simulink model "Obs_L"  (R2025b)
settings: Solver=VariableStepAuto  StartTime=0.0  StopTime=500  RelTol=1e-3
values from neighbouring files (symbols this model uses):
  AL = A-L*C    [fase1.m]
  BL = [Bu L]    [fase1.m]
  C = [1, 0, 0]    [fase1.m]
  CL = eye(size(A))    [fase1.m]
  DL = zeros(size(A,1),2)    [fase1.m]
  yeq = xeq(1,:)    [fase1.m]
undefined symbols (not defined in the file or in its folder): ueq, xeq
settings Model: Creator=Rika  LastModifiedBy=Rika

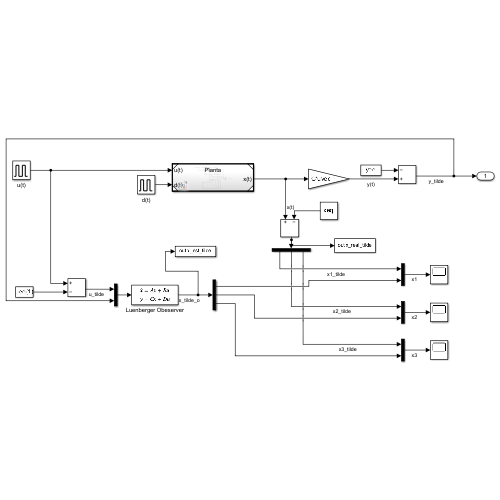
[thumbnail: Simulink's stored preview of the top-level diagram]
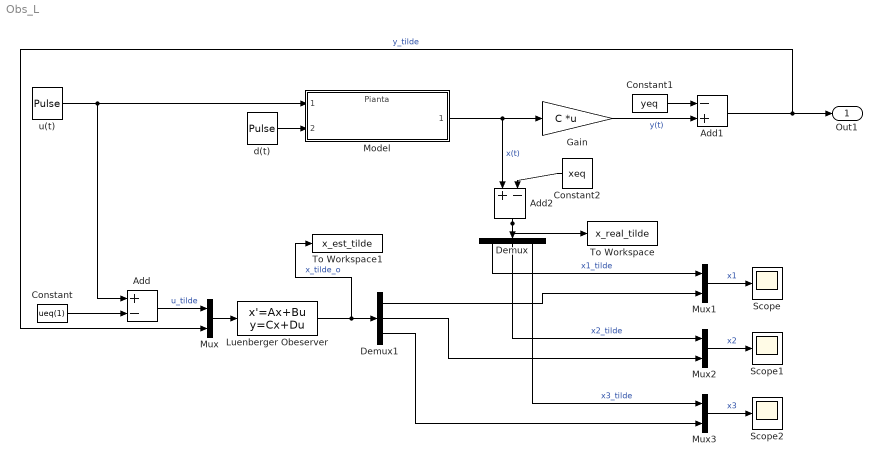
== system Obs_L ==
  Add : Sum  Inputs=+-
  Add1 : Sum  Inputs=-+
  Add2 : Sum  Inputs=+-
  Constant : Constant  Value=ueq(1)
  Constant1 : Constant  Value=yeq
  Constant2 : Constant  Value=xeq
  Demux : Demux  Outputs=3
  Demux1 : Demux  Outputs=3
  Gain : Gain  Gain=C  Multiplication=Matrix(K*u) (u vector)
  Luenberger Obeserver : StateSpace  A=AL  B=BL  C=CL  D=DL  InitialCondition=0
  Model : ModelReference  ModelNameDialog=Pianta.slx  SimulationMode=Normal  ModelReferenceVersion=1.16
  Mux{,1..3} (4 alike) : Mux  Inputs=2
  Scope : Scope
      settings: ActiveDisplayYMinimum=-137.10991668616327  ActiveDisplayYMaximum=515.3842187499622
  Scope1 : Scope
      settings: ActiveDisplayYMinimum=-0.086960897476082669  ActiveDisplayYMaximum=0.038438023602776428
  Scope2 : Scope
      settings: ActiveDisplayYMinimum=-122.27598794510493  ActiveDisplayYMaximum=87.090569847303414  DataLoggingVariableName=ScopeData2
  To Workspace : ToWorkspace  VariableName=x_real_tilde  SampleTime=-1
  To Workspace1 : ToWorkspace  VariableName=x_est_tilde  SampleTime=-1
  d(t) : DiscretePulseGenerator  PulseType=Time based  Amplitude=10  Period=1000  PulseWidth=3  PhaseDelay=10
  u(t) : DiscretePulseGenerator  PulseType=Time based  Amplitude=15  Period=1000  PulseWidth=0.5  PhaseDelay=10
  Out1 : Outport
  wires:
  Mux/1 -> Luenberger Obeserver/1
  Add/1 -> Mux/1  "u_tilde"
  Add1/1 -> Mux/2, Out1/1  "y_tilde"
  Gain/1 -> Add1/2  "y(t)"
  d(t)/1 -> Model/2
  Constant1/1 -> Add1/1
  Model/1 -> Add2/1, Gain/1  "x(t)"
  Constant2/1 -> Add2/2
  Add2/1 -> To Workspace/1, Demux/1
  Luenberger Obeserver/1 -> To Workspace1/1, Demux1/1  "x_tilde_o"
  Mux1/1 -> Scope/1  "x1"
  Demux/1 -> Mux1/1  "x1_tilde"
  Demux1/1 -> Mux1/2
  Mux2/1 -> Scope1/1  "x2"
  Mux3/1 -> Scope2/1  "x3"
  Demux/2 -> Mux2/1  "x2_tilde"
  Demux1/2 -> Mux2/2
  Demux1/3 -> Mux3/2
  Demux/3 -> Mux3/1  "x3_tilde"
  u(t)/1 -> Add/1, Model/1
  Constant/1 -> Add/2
______
#### BRIEF:
Filter the material above down to the lines that hold the word "ToWorkspace".

#### RESULT FOR THIS EXERCISE:
  To Workspace : ToWorkspace  VariableName=x_real_tilde  SampleTime=-1
  To Workspace1 : ToWorkspace  VariableName=x_est_tilde  SampleTime=-1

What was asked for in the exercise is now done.